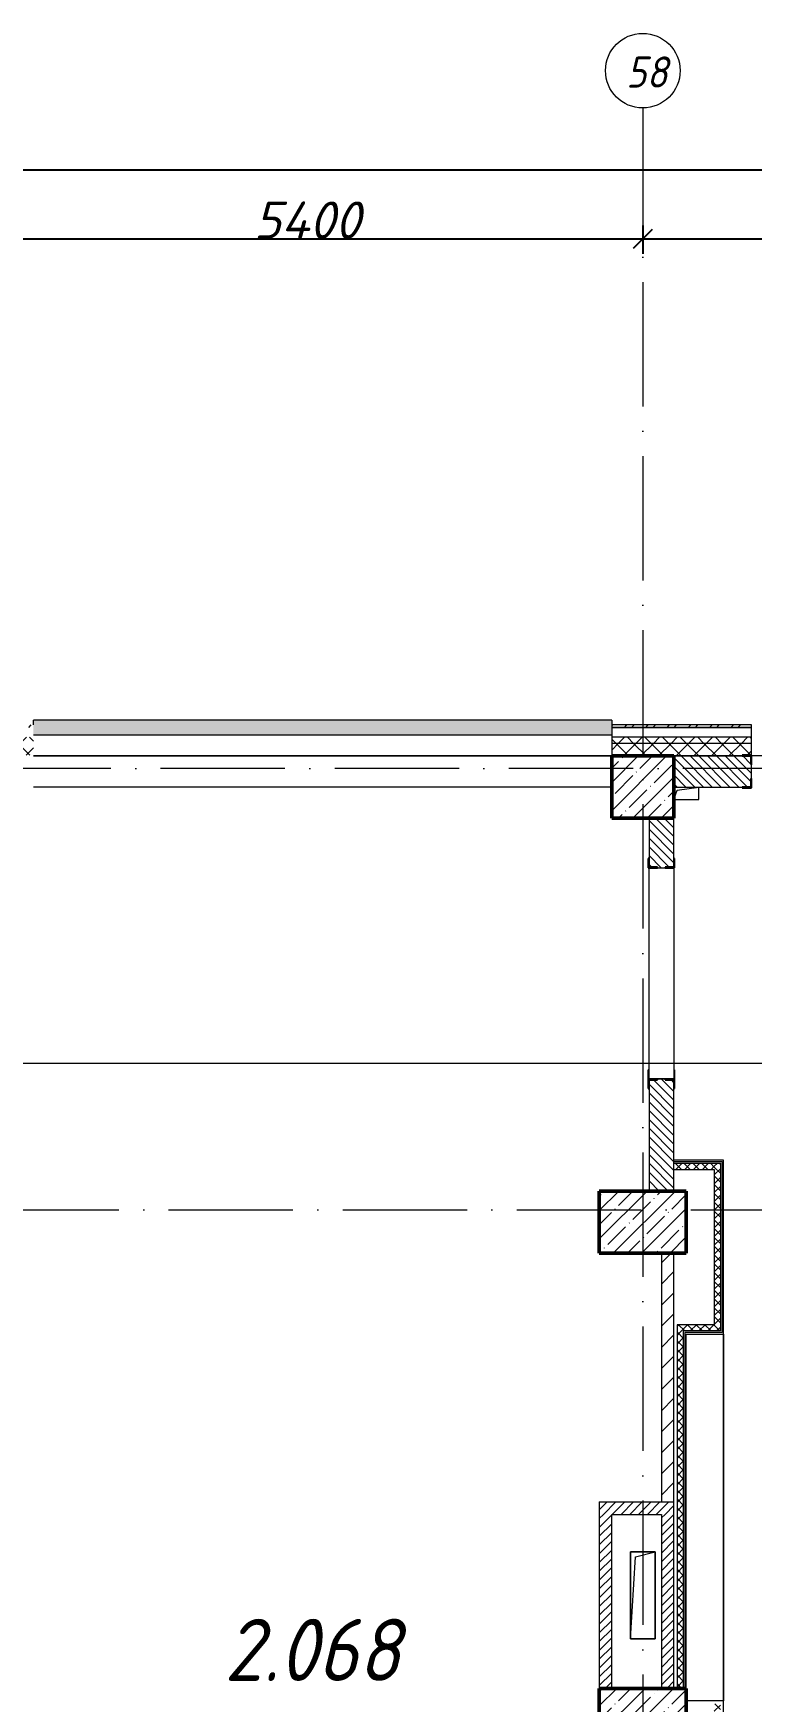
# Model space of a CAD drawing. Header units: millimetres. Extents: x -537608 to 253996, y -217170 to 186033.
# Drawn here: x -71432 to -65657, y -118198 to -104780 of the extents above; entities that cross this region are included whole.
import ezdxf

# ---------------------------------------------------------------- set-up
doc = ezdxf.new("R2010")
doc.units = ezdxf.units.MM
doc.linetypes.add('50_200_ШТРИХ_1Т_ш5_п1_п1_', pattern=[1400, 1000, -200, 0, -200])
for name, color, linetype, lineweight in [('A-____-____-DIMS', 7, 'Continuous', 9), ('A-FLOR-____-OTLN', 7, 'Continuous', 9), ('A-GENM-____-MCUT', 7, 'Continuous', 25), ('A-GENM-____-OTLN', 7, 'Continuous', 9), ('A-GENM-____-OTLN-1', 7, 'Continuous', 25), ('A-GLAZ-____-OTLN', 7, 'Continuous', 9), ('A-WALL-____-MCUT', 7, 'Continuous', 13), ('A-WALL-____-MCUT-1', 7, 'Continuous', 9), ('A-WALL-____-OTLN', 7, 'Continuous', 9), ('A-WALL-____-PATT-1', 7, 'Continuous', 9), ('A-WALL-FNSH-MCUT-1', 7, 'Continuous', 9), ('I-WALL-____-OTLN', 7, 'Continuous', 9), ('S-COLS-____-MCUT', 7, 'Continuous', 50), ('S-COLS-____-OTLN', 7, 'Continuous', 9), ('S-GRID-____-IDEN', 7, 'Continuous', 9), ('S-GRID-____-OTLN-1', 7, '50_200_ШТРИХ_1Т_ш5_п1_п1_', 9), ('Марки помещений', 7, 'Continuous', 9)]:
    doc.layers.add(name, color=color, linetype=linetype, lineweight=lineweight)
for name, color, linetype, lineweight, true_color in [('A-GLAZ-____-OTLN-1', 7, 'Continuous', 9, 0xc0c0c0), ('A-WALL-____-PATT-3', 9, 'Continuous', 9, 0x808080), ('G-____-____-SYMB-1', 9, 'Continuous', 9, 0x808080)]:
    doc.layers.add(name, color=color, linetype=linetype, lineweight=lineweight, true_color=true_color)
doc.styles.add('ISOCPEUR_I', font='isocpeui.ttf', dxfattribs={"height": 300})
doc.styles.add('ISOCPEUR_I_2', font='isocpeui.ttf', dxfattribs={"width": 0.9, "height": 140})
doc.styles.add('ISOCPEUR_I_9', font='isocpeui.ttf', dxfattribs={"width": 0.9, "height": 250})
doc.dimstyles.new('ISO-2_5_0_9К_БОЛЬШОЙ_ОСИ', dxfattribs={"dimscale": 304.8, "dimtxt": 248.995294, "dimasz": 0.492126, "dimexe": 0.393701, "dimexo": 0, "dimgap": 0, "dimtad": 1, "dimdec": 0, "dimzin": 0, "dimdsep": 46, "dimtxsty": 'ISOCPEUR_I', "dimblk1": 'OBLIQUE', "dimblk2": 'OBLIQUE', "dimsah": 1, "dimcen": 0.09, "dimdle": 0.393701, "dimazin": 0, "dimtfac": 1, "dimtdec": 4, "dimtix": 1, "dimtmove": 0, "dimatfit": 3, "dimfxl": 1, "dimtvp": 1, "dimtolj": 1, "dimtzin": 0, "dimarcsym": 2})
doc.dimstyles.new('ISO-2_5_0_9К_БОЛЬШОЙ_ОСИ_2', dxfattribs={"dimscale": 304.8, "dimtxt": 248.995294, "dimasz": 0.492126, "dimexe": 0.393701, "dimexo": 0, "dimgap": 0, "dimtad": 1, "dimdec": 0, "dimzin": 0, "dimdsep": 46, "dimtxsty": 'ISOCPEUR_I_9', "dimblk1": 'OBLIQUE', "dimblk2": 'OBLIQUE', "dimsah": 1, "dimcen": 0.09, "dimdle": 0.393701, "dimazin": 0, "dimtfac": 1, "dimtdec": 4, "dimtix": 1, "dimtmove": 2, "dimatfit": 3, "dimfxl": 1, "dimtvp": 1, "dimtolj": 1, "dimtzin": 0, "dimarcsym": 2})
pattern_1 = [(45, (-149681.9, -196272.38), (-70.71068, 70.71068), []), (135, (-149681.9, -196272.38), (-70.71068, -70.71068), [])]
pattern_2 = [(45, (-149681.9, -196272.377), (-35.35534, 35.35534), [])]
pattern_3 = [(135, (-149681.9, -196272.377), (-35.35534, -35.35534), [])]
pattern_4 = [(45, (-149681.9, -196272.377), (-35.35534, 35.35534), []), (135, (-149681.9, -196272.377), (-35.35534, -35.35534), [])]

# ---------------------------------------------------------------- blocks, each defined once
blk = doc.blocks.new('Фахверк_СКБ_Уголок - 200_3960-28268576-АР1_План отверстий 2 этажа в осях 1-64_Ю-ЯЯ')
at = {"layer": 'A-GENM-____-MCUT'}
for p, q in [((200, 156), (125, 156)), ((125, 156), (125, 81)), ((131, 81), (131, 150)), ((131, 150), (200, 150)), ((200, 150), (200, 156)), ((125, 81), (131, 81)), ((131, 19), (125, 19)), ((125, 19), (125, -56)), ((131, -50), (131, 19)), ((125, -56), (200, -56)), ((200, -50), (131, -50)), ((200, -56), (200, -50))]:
━━━━━━━━━━━━━━━━━━━━━━━━━━━━━━
Going through the data, count each line where the word "isocpeui" appears, and state only the total.

3